MATERIAL TO PROCESS >>
* * * * * * * * *
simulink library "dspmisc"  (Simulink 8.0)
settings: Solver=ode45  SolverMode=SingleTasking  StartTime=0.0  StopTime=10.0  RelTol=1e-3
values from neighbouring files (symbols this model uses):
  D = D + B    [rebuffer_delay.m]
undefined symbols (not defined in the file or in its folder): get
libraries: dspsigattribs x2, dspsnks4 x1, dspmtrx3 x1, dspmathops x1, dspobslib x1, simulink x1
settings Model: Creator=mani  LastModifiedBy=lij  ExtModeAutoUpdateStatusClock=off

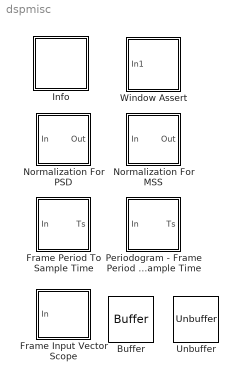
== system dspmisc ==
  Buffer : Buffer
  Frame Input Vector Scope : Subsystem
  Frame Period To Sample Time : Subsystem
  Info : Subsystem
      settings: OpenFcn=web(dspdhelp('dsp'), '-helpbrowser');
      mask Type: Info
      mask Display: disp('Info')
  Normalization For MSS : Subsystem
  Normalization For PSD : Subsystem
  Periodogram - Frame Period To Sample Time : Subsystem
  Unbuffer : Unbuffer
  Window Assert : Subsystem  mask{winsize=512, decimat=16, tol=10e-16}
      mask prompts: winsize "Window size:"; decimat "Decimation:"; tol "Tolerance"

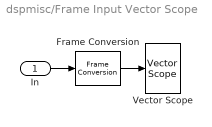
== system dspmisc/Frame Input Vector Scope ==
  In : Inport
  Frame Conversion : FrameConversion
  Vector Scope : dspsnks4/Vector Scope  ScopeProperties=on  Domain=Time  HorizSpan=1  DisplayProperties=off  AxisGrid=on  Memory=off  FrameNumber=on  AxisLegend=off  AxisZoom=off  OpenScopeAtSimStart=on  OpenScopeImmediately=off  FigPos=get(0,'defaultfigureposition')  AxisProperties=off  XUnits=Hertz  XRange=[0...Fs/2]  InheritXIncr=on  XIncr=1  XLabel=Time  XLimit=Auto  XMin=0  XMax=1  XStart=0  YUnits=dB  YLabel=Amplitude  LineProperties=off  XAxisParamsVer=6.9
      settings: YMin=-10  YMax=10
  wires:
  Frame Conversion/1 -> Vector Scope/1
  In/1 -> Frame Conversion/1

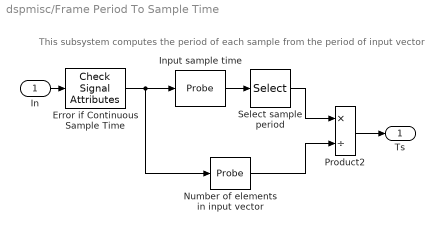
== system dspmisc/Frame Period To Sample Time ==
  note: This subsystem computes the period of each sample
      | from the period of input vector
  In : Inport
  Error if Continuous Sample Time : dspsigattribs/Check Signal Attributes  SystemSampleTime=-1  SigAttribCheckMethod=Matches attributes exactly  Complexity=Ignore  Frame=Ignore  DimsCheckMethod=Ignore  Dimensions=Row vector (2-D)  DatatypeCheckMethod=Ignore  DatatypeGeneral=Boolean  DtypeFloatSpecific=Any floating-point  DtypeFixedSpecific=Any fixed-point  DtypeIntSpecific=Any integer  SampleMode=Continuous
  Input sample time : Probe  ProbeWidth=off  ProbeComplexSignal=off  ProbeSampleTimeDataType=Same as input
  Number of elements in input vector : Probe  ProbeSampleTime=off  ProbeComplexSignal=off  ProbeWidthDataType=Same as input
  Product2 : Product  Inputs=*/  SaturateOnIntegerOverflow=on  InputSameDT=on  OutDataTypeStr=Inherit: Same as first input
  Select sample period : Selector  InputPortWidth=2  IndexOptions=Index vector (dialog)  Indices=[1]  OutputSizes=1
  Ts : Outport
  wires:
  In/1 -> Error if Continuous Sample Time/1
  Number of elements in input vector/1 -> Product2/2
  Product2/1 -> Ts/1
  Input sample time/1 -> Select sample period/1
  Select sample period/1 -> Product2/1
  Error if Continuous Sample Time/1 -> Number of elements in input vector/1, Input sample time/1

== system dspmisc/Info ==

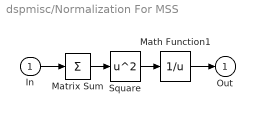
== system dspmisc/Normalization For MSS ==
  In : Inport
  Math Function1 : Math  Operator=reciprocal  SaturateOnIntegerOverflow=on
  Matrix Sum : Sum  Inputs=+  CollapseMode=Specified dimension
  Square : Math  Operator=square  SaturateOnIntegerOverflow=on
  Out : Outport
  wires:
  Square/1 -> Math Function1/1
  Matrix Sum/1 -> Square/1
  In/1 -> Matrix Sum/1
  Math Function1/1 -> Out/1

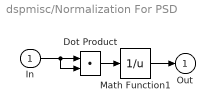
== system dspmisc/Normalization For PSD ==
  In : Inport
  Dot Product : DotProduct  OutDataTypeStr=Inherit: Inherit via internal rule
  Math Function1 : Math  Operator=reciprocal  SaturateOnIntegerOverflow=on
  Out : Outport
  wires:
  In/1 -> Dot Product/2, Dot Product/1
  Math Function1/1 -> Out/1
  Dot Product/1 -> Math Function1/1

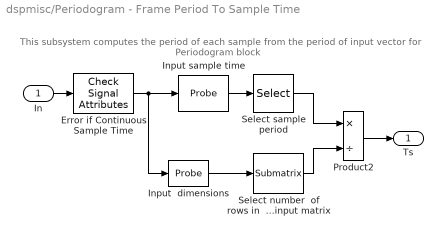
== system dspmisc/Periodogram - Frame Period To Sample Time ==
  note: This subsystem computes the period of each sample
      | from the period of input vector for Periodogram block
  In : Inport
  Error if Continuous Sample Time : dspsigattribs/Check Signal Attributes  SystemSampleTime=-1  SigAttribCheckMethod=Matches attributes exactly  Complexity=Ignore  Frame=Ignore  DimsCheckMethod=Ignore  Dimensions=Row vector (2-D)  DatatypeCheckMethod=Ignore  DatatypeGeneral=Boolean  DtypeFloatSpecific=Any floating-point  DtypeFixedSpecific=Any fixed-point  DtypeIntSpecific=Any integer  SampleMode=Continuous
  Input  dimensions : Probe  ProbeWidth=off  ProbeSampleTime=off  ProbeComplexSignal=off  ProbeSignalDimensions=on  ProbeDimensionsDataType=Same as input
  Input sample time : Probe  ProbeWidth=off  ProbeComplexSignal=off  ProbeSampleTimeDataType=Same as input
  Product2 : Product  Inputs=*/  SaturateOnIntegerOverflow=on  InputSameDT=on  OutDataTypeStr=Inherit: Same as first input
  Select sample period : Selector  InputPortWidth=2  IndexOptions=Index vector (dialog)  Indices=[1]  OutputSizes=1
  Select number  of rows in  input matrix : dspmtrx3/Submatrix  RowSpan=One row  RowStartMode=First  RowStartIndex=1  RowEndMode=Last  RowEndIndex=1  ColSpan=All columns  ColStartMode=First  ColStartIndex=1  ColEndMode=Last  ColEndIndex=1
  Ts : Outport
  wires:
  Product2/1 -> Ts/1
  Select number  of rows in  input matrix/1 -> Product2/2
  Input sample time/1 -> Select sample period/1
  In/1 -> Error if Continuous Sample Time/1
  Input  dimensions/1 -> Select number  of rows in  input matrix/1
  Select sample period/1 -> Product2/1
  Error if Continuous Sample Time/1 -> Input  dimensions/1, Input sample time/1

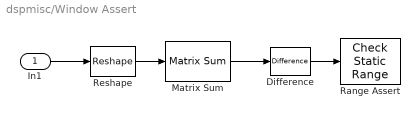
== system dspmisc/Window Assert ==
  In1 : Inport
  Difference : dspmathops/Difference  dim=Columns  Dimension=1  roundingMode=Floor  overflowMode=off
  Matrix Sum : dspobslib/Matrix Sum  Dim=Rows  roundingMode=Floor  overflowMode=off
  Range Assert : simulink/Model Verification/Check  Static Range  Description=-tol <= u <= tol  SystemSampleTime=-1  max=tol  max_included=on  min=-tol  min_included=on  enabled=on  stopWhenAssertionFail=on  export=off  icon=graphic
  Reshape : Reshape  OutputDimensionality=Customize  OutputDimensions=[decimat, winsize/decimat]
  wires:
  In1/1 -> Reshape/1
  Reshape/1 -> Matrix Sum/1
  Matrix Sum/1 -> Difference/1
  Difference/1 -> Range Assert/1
* * * * * * * * *
ACTIVITY >> Copy out every line above where "winsize" is present.

RESULT >>
  Window Assert : Subsystem  mask{winsize=512, decimat=16, tol=10e-16}
      mask prompts: winsize "Window size:"; decimat "Decimation:"; tol "Tolerance"
  Reshape : Reshape  OutputDimensionality=Customize  OutputDimensions=[decimat, winsize/decimat]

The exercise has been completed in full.